I know you did not intend any offense and I don't take offense at you personally, but I have heard this argument so many times and feel like I have to address it now. I'm really really tired of people claiming that film gets a "free pass." The implication is that film images are almost never as good as digital images, and yet people like them, but _only_ because they were shot on film. Not on their own merits. But why aren't these images "as good" and only praised because of the medium? Because they aren't sharp enough? Because the colors don't "pop"? Grainy? Bokeh not smooth enough? Are these the only criteria? One of the criticisms above of my image was that it is "too soft." The criteria that mattered most was how sharp the image is. Isn't that the "tyranny of sharpness" that @chuasam started a thread to discuss?

Perhaps it's true that some like an image simply because it was made with film, but then again, some might go in the opposite direction and dismiss an image in a knee-jerk reaction to something deemed trendy or ostentatious. You said yourself above that you can't seem to judge this image on its own merits. Isn't _not_ liking something because it's on film just as bad as allegedly _liking_ something just because it's on film.

The whole argument is patronizing. It is not giving any credit to either photographer ("you aren't very good, and probably some kind of hipster poseur because you shoot film") or viewer ("you're either very shallow or you don't really understand what a good image is.")



> I was listening to NPR this morning during drive time.  There's an area of Boston near where I work that is facing changes due to a proposed hi-rise. They called it the hobby district and one of the businesses interviewed was the oldest camera shop in the city.  They were talking about his business and that they still developed film.  The discussion got around to hot trends and the Polaroids were mentioned.  The shop owner was describing how several years ago he wouldn't pay a dollar for the cameras and know he can't keep them on the shelf.  Trendy.  [shrug]
> 
> I grew up with vinyl records.  Still own a bunch.  Don't miss them in the least.  My son-in-law loves vinyl.  Whatever makes you happy I guess.



Yes, some have jumped on the nostalgia bandwagon. And retailers are riding the wave for as long as they can. I for one am grateful because it all means I still have a steady supply of the materials I love to work with. I can't speak to anyone else's reasons, but I didn't just start shooting film because it's suddenly popular again.
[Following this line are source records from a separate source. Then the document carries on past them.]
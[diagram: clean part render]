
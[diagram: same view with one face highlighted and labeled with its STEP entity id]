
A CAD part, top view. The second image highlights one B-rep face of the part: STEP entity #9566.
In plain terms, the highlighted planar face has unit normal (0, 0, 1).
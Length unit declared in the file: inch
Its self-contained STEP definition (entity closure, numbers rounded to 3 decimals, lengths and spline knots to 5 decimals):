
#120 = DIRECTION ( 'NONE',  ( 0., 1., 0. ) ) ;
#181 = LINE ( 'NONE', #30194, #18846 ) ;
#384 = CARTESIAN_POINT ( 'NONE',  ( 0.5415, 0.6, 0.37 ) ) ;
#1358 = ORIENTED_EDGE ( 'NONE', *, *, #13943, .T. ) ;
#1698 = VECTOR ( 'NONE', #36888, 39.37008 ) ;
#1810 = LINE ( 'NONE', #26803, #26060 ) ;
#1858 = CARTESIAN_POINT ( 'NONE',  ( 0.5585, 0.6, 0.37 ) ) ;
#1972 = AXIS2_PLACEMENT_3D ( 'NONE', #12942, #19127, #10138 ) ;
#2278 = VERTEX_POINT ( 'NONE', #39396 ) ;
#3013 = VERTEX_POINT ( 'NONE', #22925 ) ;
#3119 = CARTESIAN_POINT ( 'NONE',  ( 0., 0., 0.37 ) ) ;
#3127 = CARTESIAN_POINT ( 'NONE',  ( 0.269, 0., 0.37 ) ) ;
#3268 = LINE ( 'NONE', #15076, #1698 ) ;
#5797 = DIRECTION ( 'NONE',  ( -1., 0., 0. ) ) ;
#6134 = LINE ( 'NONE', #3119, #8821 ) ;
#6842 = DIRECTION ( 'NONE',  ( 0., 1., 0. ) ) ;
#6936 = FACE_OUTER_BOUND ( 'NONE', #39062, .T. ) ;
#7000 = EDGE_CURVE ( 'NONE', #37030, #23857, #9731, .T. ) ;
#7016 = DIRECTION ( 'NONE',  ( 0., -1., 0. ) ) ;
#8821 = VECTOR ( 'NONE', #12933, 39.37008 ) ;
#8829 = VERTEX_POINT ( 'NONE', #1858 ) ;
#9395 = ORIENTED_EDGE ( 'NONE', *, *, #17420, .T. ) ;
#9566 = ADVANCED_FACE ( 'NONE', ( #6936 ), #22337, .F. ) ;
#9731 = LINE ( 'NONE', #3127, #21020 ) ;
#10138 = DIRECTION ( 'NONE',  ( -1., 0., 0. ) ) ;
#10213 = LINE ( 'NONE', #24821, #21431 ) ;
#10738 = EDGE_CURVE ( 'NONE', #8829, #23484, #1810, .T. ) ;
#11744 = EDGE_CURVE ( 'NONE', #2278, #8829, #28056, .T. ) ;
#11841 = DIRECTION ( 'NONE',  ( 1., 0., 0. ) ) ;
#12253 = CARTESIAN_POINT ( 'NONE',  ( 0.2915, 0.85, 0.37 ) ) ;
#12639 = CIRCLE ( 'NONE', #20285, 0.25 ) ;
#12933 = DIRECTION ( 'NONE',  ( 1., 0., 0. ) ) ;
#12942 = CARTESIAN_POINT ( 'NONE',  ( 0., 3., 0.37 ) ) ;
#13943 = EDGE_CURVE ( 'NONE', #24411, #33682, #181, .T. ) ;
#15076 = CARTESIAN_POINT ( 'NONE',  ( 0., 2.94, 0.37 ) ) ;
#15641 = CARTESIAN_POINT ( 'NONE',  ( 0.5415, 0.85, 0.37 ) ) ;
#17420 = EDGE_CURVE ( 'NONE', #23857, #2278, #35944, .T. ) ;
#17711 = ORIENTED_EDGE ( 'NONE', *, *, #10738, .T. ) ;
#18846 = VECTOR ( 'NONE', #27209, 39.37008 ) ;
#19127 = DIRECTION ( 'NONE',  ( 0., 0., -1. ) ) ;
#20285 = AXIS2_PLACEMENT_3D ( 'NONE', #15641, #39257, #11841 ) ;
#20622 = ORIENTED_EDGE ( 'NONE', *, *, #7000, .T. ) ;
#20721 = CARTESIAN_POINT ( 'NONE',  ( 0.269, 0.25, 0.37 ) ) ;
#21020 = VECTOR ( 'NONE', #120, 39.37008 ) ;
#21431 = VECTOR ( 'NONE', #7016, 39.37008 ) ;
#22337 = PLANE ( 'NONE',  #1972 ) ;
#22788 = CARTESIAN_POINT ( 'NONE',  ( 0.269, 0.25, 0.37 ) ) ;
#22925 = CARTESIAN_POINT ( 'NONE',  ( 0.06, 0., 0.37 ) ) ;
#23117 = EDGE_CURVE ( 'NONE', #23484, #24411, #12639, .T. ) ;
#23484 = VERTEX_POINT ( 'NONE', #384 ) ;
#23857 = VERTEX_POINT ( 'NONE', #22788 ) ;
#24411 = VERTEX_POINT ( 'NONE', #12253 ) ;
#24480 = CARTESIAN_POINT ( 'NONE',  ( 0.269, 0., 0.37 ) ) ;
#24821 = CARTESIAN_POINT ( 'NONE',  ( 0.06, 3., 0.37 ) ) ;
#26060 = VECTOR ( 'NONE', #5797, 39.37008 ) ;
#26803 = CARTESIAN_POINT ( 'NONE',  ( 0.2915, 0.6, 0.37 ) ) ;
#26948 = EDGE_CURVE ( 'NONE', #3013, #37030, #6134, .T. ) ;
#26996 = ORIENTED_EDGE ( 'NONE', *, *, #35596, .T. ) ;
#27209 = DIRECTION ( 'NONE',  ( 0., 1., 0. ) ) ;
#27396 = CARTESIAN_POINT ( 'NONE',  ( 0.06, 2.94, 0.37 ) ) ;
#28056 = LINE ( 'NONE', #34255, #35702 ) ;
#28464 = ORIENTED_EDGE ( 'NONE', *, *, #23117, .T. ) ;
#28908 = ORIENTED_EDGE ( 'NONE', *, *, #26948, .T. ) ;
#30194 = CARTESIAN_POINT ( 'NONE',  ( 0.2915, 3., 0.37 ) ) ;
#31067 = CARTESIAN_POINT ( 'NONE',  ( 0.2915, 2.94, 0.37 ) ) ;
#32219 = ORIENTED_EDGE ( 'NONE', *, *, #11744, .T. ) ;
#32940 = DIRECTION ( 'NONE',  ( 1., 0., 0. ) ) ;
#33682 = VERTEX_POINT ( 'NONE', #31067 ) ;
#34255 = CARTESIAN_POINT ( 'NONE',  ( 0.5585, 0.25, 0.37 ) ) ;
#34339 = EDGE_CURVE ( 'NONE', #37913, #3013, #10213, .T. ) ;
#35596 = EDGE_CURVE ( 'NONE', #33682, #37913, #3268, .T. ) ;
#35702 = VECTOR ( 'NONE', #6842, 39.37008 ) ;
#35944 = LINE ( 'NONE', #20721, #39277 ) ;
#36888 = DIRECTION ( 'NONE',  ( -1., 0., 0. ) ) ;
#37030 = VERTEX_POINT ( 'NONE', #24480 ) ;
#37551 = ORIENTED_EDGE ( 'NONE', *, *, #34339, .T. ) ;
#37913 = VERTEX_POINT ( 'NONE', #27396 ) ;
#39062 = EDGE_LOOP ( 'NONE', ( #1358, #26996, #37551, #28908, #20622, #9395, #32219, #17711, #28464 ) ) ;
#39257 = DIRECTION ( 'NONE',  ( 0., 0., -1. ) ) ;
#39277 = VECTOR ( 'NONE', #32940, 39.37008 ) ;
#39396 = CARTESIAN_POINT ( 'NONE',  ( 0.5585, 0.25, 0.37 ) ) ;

I shoot film because _I never stopped_. I started 20+ years ago with film and it suits me. I'll continue to do so for as long as I prefer it to a digital process.



> But I digress.  I can't fall all over this photo as others appear to.  I can appreciate the nostalgia.  Maybe I'm missing the art.  *Maybe because I have a draw full of these.* I just don't feel the same about them.  Kinda like my LP's.



Again, I know it's not your intention, but the bolded comment _does_ carry the implication that this kind of image is a dime-a-dozen throwaway image that anyone can make without even thinking, and that's not exactly flattering 



> Hope that wasn't to incoherent.  Time to go back to lurking.
> 
> Hopefully no offense taken with this.  None was intended.  The photo made me think I suppose so I guess that's something.



Yes, it's something for sure!  And I did appreciate your comments on the composition. Thank you for the discussion.


----------



## sleist (May 25, 2016)

First, I would like to address this.

I did not mean to imply that the image was a dime a dozen.  My statement was poorly worded and I tried to frame it with my analogy to the vinyl records as a way to explain what I was trying to say.  I was trying to say that I was less inclined to attach significance to the media given that I had grown up with it.  Much like the way I feel about vinyl records as opposed to how my son-in-law feels.  There's no magic there for me based on the medium is all.  I was not trying to compare your shot to my drawer full of family Polaroids. (God forbid)

The point of my post is an attempt to understand why _*I*_ feel differently about this shot than others seem to.  I'm trying to discern if I have a bias against film, or if others give it a pass or, if it's some combination of both.  I thinks it's a combination.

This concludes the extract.